Records from a data source:
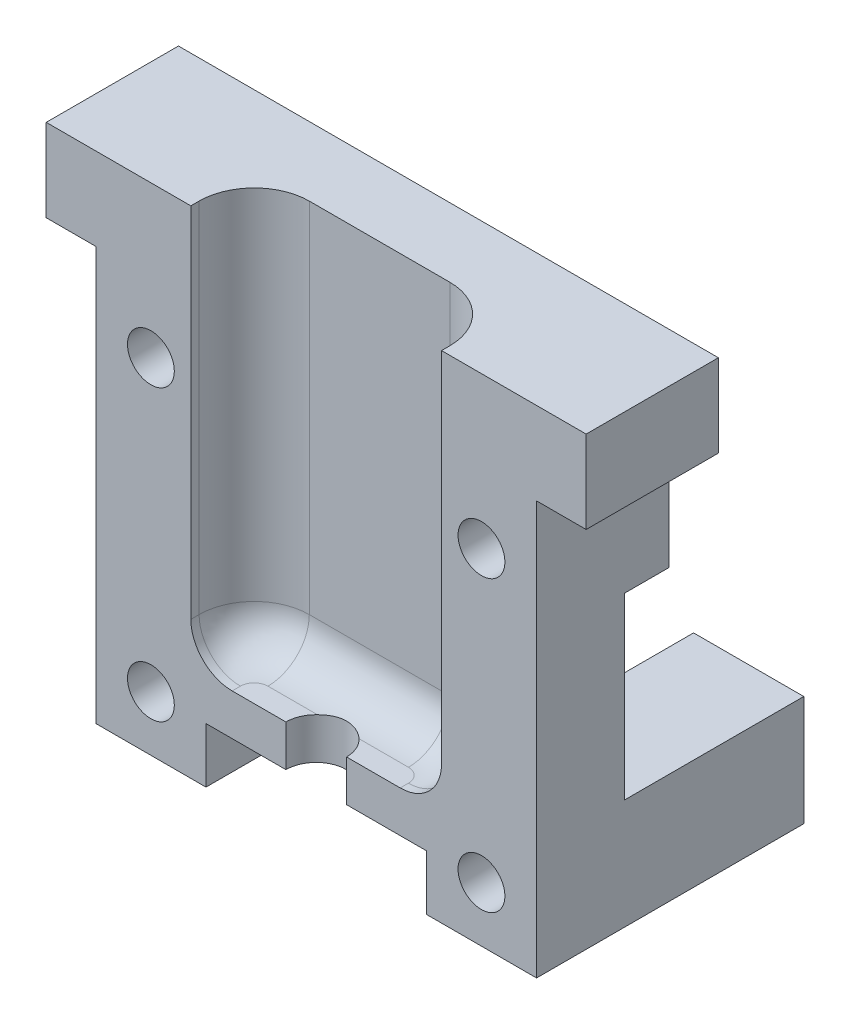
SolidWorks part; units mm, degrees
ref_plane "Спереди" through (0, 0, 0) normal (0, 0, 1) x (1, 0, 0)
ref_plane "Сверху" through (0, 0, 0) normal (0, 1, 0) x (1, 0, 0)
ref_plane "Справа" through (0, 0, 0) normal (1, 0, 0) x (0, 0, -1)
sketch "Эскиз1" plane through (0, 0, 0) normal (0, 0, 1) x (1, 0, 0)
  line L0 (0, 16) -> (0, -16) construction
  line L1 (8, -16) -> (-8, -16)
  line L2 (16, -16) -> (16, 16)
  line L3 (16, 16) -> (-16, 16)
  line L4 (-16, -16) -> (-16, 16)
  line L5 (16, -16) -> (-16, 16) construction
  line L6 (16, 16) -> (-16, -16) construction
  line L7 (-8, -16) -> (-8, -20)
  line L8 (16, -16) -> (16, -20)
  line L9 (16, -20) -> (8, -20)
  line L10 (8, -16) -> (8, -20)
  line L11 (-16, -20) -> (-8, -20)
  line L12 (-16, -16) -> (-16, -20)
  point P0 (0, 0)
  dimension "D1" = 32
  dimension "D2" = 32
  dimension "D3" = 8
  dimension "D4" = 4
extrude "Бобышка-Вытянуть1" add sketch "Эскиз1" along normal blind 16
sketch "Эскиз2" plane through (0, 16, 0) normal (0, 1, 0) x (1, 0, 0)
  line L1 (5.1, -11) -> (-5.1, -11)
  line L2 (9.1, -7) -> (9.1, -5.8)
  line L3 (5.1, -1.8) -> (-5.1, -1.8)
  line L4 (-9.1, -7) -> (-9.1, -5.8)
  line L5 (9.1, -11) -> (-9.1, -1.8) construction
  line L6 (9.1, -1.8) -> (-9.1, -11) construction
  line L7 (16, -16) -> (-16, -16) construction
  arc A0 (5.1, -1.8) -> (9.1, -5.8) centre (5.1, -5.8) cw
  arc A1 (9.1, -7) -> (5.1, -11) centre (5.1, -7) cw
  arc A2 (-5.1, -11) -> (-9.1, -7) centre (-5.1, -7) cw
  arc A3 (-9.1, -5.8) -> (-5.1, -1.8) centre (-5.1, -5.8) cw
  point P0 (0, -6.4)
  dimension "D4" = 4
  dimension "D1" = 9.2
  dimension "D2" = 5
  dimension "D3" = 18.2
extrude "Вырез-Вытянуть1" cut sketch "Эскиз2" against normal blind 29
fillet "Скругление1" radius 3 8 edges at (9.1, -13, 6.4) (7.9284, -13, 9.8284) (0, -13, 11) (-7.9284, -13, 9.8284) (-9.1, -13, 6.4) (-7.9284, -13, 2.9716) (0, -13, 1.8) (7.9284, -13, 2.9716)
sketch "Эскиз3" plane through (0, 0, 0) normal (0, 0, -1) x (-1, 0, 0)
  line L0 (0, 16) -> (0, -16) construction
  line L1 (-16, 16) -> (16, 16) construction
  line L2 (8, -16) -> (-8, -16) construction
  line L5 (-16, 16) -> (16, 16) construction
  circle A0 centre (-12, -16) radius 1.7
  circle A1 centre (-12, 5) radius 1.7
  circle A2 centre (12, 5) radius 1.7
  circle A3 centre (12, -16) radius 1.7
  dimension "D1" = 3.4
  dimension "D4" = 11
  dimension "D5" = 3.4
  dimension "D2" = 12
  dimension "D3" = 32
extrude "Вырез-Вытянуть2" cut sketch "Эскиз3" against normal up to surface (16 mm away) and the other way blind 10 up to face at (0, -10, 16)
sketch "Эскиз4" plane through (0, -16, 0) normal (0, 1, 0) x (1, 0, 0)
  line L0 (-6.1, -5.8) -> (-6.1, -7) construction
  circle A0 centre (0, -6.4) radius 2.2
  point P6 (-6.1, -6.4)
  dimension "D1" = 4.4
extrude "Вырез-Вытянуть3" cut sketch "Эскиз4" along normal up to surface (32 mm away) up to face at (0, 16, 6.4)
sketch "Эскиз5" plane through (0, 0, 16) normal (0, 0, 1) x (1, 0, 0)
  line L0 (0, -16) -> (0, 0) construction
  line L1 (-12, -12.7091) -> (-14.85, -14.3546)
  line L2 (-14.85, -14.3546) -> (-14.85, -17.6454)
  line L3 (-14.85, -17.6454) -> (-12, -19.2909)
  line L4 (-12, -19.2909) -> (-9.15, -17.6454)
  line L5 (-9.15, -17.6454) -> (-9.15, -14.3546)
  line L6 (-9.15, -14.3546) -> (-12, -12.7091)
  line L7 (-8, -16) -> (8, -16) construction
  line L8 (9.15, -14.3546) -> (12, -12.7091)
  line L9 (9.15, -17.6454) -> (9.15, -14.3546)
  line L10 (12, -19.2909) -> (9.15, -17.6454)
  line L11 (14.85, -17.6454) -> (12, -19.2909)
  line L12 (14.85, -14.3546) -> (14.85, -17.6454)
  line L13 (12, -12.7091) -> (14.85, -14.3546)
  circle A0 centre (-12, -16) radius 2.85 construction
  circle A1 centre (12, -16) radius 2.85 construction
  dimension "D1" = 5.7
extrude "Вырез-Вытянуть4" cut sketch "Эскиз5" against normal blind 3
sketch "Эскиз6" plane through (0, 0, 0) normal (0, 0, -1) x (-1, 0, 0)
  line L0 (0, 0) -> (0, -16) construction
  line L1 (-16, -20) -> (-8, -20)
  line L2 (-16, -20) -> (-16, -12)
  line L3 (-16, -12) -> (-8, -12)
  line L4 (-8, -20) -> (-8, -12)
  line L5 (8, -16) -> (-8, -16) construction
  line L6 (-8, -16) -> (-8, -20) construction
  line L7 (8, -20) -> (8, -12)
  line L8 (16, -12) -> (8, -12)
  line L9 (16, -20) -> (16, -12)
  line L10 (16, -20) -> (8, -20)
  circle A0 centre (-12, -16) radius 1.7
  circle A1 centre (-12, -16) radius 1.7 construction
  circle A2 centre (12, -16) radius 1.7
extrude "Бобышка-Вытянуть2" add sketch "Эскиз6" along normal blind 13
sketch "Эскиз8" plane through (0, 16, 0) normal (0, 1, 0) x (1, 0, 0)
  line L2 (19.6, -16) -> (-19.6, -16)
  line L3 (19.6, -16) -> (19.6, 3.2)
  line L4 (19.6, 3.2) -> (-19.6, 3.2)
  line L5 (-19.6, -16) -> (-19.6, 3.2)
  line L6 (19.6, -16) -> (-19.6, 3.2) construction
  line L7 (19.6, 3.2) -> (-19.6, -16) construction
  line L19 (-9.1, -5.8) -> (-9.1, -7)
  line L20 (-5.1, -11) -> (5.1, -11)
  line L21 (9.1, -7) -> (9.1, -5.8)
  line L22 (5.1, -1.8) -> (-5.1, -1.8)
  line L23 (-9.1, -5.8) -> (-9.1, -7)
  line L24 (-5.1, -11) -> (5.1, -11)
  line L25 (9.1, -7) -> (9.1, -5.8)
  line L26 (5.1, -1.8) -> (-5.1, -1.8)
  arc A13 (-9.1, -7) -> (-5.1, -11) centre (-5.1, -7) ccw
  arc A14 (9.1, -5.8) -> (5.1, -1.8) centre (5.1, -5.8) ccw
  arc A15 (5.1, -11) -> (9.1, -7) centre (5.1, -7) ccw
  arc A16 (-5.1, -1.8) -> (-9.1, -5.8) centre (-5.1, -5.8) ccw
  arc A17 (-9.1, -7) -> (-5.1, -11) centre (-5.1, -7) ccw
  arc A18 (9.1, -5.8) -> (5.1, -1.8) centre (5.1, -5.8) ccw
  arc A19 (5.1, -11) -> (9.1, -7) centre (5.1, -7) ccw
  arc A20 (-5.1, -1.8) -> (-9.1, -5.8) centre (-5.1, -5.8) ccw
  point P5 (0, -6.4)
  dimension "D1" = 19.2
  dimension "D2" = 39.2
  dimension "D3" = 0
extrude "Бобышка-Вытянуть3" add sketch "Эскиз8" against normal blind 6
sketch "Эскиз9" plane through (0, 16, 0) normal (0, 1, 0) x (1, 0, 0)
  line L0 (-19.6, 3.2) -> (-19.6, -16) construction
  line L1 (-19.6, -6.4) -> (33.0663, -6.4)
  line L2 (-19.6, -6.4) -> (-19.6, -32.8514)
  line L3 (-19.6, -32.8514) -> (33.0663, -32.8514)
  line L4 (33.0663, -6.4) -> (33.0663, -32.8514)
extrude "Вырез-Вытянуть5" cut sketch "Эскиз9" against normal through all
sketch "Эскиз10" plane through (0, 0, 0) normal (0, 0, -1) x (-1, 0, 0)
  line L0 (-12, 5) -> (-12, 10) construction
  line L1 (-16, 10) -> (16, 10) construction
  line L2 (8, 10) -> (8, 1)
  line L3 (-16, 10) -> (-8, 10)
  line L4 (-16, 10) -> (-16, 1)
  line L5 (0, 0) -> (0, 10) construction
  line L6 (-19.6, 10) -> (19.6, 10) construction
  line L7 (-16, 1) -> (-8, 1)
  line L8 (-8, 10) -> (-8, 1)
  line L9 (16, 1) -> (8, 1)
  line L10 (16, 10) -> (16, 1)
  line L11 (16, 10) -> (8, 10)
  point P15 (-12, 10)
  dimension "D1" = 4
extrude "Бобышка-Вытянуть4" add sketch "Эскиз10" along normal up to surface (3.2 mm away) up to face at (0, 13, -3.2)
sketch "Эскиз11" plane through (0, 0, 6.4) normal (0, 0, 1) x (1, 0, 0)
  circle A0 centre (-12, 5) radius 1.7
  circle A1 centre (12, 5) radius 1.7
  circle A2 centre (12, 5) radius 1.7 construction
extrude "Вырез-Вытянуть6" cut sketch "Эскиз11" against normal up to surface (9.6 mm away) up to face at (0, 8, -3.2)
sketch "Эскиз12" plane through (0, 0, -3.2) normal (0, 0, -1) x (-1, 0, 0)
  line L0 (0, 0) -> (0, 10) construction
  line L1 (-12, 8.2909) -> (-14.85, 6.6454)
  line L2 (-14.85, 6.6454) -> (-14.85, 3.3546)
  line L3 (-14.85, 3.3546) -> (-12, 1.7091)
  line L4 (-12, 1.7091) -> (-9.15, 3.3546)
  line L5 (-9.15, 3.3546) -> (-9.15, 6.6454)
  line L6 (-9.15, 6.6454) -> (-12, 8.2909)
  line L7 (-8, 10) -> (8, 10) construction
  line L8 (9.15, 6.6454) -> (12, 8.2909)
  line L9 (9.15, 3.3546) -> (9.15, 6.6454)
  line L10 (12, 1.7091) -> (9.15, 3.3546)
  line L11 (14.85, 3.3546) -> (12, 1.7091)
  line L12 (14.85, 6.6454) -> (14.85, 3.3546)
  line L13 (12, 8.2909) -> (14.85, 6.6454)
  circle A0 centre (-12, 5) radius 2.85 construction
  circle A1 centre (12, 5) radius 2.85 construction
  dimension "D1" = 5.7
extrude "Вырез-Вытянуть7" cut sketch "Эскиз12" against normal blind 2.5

Exercise prompt:
In the records above, find the line with "line L13 (12, -12.7091)"; write out exactly that line and each one after it, stopping after the line with "line L10 (16, -20) -> (8, -20)".

Solution below:
  line L13 (12, -12.7091) -> (14.85, -14.3546)
  circle A0 centre (-12, -16) radius 2.85 construction
  circle A1 centre (12, -16) radius 2.85 construction
  dimension "D1" = 5.7
extrude "Вырез-Вытянуть4" cut sketch "Эскиз5" against normal blind 3
sketch "Эскиз6" plane through (0, 0, 0) normal (0, 0, -1) x (-1, 0, 0)
  line L0 (0, 0) -> (0, -16) construction
  line L1 (-16, -20) -> (-8, -20)
  line L2 (-16, -20) -> (-16, -12)
  line L3 (-16, -12) -> (-8, -12)
  line L4 (-8, -20) -> (-8, -12)
  line L5 (8, -16) -> (-8, -16) construction
  line L6 (-8, -16) -> (-8, -20) construction
  line L7 (8, -20) -> (8, -12)
  line L8 (16, -12) -> (8, -12)
  line L9 (16, -20) -> (16, -12)
  line L10 (16, -20) -> (8, -20)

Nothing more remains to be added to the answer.